Quest Software has released a new version of Toad for Oracle, its popular Oracle database management software. Features include automated code analysis and reporting across all managed databases.
Raymond Lefebvre, director of database reporting at University of Massachusetts Medical School, said he liked new features related to viewing table data and pulling a SQL statement out of PL/SQL for use elsewhere. He’s been testing Quest’s Toad for Oracle 11 and plans to roll it out in production in the coming weeks.
Lefebvre said the new tool allows developers to be on a parent table and still be able to see data in a child table on a split-screen below it. Programmers no longer have to switch between the two on their screens, which he said can be cumbersome and sometimes confusing. He added that the new version allows developers to pull a SQL statement that is embedded in PL/SQL code and pop it up into a new window.
“We hope to pick it up in a couple weeks and replace Toad 10.6, the version we’re running,” he said. “We’re heavily dependent on the tool and so we can’t dive into it as quickly as we would like.”
UMass Medical uses Toad for more than 100 Oracle databases -- most of them Oracle Database 11g R2. They also use the tool to manage its Microsoft SQL Server databases as well. Lefebvre himself has been using the tool since the mid-1990s. Without it, he said development teams would have to rely on “brute force.”
“Without Toad, everything is done by writing scripts,” he said. “It’s error-prone and a lot more time-consuming. You also have to know all the command syntaxes. You have to memorize a lot of parameters.”
Quest says that more than 2 million database professionals rely on Toad, which is also available for other databases such as IBM DB2 and MySQL. Toad for Oracle 11 is available now with pricing starting at $870 per seat for the base version. First-year maintenance is included in that cost.

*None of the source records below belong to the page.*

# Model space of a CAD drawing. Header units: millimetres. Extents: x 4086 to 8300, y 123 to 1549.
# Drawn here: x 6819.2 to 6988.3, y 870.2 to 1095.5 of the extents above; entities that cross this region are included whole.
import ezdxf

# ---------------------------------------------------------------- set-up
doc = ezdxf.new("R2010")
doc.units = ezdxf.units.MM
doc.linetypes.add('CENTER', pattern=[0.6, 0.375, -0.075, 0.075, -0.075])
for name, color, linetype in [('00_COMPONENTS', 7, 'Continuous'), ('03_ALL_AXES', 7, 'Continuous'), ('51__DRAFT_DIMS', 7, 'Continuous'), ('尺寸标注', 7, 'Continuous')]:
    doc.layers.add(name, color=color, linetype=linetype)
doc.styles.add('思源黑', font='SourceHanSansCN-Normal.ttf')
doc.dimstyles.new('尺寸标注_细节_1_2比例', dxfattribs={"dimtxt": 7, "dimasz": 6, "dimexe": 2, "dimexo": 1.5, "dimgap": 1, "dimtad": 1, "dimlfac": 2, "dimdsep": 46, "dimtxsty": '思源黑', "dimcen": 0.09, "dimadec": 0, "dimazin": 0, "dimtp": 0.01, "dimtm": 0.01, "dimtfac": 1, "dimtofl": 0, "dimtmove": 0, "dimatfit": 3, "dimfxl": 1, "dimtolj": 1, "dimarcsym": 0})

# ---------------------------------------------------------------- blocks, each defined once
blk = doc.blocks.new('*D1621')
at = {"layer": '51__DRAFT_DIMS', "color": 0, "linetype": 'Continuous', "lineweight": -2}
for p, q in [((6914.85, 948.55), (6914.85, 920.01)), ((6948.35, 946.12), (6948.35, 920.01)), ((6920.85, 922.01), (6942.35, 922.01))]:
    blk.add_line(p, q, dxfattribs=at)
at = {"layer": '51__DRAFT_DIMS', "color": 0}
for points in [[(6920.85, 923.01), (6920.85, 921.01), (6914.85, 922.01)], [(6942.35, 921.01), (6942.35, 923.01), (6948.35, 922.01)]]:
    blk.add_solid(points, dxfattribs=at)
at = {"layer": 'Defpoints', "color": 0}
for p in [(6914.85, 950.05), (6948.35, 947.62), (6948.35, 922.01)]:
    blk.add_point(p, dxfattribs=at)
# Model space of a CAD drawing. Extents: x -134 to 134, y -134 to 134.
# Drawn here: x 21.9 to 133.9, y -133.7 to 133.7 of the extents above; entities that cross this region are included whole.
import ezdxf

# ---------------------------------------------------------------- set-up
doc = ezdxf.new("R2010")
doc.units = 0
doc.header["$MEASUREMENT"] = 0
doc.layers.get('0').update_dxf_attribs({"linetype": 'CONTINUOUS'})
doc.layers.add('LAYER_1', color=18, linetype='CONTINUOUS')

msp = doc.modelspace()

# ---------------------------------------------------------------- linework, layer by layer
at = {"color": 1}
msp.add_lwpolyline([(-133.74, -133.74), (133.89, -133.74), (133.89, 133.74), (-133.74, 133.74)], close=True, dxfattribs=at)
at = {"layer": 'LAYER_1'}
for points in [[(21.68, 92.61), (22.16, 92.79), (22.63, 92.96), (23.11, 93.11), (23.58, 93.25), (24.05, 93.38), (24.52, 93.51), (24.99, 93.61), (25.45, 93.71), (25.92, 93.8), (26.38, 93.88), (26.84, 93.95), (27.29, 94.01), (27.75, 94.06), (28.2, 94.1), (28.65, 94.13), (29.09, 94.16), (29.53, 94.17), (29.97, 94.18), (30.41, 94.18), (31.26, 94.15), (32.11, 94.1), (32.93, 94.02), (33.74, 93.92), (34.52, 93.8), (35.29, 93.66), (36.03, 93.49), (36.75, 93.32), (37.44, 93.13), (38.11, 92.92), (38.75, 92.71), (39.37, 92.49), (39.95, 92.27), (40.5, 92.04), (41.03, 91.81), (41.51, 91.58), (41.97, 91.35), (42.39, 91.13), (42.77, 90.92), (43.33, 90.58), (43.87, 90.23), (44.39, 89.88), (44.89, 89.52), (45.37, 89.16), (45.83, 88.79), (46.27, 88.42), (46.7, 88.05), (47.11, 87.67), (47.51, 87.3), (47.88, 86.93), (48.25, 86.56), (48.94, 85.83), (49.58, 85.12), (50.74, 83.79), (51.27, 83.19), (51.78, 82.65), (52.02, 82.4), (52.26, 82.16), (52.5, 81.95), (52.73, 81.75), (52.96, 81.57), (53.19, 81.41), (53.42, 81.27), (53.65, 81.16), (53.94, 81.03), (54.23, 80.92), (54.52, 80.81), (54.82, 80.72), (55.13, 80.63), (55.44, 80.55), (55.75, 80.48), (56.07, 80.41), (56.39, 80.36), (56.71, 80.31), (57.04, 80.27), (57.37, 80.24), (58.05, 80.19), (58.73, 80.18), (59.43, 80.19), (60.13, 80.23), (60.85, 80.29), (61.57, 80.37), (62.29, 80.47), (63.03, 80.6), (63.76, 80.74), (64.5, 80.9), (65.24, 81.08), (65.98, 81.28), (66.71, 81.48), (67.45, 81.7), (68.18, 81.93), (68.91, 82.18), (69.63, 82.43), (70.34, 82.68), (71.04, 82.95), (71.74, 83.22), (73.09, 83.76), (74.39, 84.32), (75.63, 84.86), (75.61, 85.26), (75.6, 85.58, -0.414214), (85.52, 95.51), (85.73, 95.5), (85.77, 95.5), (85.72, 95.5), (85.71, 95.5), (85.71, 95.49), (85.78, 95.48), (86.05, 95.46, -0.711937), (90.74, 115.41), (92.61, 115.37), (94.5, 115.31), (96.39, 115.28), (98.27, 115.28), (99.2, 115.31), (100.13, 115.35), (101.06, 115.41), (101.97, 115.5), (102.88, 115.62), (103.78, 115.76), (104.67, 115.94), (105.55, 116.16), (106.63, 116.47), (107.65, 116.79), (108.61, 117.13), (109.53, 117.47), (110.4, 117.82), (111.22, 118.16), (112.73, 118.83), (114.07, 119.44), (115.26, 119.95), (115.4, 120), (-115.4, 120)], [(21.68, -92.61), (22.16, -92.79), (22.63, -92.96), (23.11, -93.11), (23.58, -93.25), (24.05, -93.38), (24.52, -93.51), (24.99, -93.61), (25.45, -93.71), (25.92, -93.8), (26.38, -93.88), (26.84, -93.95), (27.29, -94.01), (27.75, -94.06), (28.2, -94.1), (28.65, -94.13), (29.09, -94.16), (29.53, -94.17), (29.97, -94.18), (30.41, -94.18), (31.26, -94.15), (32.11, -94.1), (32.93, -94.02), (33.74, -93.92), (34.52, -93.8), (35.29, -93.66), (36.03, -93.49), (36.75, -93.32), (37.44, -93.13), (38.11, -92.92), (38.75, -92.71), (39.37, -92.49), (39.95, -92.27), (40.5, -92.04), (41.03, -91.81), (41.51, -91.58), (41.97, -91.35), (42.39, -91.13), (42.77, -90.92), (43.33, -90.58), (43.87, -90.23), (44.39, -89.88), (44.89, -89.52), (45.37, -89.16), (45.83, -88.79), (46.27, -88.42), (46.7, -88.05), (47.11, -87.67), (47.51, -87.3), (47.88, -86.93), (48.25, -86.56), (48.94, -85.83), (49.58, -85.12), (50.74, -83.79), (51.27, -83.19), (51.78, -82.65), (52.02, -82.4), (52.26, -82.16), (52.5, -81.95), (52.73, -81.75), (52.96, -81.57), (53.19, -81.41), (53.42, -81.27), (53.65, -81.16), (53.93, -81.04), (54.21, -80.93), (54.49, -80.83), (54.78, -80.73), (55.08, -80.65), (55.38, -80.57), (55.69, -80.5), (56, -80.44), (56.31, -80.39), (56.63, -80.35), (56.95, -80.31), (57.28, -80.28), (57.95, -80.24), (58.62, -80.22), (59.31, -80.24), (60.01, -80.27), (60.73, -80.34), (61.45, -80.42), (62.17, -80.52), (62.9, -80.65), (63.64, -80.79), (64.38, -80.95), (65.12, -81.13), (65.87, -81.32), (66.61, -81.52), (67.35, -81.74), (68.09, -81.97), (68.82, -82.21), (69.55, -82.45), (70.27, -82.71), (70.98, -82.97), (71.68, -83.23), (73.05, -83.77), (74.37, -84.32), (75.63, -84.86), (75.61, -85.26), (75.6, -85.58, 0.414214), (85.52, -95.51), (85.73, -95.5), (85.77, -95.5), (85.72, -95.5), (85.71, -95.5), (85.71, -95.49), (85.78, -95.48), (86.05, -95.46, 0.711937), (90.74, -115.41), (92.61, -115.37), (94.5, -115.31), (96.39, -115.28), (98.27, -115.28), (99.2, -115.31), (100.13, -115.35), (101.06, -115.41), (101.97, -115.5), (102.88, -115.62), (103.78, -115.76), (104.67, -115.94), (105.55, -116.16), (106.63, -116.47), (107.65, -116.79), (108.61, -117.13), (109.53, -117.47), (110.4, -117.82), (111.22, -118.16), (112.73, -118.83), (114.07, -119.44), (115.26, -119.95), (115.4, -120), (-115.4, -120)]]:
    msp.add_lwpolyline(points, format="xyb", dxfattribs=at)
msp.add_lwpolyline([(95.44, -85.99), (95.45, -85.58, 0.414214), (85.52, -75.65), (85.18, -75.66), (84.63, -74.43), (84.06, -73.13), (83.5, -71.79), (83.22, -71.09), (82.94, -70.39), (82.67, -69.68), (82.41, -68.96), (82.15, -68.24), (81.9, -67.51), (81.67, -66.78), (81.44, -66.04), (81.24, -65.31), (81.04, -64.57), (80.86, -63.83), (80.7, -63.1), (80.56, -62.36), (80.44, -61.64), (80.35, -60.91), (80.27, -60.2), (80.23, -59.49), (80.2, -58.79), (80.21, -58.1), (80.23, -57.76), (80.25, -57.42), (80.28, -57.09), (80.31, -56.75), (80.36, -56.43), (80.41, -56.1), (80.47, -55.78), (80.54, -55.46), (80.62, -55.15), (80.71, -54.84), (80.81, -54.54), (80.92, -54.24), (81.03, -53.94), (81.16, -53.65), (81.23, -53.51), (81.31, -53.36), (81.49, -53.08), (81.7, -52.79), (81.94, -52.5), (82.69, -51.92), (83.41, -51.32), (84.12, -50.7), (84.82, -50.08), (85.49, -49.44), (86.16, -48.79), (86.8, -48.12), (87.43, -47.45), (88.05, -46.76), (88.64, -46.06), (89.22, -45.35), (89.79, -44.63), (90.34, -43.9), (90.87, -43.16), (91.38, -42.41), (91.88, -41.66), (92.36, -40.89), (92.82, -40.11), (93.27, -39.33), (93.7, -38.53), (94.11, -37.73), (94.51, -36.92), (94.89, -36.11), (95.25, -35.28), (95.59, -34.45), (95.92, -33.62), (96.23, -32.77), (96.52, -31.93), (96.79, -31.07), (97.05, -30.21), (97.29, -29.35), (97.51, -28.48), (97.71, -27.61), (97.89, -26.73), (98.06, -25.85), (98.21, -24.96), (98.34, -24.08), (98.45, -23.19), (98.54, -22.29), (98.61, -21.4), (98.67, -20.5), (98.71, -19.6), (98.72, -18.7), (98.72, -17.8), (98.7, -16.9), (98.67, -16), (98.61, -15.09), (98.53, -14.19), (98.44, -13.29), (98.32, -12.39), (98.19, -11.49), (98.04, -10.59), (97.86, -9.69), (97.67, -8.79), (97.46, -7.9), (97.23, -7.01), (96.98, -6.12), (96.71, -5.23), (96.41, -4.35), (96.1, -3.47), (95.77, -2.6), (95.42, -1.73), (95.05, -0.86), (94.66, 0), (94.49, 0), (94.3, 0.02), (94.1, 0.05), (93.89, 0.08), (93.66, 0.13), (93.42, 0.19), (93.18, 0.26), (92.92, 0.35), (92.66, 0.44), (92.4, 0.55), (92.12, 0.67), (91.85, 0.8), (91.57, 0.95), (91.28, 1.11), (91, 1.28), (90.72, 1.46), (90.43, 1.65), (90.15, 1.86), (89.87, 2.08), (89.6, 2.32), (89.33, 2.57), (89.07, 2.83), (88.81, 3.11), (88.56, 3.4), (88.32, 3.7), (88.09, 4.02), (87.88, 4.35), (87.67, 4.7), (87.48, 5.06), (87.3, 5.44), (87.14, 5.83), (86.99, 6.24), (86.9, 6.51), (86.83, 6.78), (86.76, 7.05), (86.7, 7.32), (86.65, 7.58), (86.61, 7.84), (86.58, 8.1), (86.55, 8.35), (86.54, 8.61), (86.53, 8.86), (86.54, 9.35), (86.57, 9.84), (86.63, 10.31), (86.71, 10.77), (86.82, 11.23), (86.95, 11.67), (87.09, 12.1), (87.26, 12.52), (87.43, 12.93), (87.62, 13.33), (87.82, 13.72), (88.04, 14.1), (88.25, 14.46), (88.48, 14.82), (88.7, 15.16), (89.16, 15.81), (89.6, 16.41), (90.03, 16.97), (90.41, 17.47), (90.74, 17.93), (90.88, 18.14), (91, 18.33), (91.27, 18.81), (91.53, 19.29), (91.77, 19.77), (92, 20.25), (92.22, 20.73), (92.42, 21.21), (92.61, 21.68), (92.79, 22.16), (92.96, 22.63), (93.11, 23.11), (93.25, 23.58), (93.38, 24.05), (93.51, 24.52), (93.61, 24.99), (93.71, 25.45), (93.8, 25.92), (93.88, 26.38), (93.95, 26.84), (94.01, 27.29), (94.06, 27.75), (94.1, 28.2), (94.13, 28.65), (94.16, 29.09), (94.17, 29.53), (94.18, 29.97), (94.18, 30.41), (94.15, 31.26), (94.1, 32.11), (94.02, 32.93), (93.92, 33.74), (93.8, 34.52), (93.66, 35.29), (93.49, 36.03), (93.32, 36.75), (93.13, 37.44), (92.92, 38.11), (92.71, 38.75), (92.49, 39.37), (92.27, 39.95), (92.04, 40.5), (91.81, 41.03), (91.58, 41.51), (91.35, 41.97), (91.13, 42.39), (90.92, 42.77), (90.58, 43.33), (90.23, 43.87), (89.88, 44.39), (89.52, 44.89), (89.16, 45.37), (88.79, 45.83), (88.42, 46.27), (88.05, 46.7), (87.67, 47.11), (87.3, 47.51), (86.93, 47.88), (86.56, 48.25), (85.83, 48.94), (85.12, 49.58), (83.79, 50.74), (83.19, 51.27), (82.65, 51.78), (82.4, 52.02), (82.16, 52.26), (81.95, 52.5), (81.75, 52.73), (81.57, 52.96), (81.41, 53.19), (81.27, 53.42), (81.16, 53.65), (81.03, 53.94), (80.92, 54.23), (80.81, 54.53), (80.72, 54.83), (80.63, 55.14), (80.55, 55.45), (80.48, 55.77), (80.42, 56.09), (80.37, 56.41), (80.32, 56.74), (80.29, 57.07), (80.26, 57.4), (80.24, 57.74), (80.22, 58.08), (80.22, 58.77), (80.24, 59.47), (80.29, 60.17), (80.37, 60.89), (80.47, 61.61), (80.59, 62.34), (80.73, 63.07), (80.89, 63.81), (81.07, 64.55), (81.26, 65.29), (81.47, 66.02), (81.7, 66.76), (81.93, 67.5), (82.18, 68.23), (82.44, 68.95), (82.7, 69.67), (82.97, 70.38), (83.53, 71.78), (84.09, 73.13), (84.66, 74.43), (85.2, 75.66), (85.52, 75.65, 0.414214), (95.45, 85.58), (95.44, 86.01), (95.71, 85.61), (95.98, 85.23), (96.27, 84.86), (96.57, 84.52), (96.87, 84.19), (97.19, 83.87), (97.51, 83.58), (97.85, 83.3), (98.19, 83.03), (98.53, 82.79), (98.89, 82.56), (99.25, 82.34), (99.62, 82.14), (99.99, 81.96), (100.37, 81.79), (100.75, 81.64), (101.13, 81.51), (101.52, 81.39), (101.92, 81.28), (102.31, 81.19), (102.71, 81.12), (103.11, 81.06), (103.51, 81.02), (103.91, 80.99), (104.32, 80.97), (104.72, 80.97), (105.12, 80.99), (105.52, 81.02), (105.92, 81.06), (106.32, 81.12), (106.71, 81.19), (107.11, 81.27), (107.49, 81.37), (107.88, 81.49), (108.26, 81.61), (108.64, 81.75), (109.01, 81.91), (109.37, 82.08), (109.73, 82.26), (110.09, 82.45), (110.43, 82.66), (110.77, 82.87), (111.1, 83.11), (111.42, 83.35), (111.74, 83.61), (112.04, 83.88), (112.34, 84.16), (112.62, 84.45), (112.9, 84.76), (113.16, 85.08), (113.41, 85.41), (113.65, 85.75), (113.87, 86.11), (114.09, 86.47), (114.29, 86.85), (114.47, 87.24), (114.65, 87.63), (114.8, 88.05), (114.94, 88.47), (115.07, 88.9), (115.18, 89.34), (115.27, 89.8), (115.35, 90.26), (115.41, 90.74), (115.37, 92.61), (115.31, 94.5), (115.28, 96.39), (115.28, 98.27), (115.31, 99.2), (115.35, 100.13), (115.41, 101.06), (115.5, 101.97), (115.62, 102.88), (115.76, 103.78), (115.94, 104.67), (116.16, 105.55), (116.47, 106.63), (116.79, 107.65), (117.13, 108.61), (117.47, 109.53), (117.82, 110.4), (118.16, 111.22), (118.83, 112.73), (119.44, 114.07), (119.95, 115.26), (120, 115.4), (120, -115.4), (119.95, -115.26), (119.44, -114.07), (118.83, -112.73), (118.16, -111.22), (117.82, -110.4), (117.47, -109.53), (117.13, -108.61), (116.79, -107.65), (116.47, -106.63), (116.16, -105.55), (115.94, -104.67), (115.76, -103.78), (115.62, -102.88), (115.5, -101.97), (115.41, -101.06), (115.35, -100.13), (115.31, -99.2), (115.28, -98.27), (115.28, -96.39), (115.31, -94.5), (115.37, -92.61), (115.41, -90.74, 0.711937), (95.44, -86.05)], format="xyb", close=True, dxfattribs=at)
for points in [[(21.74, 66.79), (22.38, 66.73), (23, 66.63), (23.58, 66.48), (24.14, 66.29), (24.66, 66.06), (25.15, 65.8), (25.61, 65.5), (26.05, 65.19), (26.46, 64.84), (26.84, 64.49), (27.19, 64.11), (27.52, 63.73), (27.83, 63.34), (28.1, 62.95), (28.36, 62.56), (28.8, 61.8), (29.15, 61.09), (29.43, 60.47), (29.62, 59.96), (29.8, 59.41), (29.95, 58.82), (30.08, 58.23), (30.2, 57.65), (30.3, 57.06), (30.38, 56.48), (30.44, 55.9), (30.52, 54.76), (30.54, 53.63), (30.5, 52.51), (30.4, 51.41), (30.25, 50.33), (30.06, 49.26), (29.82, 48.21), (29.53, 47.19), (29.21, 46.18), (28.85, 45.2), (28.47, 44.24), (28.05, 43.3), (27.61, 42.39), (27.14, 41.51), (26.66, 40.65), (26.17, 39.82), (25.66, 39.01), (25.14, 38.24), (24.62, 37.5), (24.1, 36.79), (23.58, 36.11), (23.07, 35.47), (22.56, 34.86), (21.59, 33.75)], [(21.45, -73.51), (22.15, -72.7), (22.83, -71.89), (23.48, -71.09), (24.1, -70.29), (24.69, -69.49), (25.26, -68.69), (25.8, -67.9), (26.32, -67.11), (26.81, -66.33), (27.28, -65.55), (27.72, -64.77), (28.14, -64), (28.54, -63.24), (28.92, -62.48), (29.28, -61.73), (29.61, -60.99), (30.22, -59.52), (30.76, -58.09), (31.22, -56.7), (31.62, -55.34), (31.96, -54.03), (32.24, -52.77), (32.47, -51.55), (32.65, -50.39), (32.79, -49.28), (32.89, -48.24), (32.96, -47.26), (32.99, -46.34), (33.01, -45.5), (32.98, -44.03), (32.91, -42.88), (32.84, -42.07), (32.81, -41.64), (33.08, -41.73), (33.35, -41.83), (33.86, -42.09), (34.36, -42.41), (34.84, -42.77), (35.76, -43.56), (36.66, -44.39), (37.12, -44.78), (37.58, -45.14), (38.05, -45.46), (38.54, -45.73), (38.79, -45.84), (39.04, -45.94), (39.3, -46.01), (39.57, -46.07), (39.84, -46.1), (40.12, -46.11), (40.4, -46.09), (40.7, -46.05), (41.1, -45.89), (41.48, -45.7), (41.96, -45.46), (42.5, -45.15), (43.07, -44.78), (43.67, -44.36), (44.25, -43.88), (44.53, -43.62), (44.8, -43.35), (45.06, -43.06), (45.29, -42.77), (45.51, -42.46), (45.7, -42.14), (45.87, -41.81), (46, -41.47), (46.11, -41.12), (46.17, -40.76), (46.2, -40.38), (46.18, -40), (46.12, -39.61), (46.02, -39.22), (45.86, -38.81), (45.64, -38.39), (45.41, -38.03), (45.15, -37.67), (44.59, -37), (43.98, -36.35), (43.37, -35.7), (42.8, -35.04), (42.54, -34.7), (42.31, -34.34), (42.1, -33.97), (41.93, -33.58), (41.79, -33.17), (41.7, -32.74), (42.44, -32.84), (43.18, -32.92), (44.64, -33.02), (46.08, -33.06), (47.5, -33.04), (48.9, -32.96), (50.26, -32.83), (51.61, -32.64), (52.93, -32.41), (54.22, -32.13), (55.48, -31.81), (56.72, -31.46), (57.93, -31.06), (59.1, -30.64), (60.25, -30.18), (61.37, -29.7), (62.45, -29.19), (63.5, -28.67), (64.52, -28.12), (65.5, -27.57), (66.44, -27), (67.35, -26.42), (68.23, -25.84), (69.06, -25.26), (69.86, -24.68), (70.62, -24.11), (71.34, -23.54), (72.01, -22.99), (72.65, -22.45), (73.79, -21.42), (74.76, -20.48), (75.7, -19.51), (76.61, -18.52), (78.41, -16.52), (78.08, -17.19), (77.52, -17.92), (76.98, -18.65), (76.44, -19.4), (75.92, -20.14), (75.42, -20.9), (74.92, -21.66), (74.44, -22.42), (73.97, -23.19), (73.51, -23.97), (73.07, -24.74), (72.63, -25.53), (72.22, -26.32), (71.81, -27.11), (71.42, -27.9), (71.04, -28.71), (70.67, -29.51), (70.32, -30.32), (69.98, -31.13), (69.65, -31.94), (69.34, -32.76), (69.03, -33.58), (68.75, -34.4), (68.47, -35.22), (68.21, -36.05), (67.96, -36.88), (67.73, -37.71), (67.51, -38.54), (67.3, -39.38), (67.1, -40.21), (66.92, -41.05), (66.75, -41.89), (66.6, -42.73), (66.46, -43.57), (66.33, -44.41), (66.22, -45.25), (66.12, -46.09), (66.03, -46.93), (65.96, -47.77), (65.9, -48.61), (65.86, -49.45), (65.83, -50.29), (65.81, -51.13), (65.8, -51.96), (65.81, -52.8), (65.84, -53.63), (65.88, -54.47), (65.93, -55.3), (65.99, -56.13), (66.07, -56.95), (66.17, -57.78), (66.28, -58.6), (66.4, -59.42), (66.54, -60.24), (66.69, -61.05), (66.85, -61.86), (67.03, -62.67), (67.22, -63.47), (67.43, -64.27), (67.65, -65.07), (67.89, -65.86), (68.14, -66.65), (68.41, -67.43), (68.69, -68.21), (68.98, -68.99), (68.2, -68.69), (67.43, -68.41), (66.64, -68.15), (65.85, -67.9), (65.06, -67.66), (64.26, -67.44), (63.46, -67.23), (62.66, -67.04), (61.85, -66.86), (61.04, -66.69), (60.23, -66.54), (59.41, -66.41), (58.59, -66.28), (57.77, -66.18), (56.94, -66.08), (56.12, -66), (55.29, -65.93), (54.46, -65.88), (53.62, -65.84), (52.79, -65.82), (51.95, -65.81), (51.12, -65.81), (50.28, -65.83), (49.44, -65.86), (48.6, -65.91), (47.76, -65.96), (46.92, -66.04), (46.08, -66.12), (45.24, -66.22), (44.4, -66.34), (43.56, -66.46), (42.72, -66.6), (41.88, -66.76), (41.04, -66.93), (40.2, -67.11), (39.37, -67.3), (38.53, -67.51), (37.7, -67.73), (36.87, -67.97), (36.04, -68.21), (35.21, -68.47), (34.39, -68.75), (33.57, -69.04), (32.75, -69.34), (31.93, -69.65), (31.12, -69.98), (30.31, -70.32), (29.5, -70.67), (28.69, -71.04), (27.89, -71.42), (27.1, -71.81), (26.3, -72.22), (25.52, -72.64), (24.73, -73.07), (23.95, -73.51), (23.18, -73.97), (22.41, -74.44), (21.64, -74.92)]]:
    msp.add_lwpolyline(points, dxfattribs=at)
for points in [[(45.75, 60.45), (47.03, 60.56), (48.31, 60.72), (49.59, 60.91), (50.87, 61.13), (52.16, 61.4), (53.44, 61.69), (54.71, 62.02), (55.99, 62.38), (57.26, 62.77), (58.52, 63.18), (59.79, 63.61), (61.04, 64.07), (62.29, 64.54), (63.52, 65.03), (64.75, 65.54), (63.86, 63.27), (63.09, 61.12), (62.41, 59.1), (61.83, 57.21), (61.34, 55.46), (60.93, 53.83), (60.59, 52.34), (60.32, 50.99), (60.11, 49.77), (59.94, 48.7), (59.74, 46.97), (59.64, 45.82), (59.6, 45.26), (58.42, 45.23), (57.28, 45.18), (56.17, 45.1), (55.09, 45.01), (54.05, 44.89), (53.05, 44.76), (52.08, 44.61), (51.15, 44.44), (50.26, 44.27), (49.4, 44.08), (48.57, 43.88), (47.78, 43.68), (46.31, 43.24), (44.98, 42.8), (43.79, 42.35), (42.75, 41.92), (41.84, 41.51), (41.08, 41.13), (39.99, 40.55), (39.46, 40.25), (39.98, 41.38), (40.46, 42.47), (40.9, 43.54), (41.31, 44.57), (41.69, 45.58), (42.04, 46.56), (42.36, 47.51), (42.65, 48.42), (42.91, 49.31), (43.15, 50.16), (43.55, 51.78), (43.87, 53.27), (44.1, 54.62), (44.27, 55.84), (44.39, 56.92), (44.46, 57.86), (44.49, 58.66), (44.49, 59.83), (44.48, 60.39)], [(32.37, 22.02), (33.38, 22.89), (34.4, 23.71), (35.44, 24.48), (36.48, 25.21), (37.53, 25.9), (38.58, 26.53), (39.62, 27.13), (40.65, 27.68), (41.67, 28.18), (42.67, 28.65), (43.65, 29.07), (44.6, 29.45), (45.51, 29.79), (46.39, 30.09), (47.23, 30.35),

Quest is strongly touting the code analysis feature of the new version, saying it will help developers follow coding standards and best practices. John Whittaker, senior product manager at Quest, said the tool runs in real time and can detect code violations as they occur. Management can build its own coding rule sets, and the analysis tool helps to speed up coding and prevent errors from sneaking into the product.
Developers can choose whether they want the code analysis to be real time or at the end of code changes. John Pocknell, senior product manager for Quest Toad, said the tool enables continual parsing of the coding editor “with minimal footprint.”
“It’s much more logical, and this was actually requested by quite a few of our users in development,” he said.
Another feature is amped-up database security that allows read-only access to production databases. That way if a developer has both test/development and production databases open, he won’t accidentally be able to make changes to the production database with a mis-click.
Lefebvre said he did have one suggestion that Quest could incorporate in future versions of Toad: an automated screen recording tool. Why? For compliance. When the development team scripts changes to the production database, it has to show before-and-after environments. Currently, UMass is using an open source product to record the changes to hand off to auditors.
“I thought it would be nice if they had a feature where you could turn screen recording on demand,” he said. “We have to record these changes, and I don’t think we’re alone in having to comply with SAS 70 or SOX [Sarbanes-Oxley] or HIPAA [Health Insurance Portability and Accountability Act].”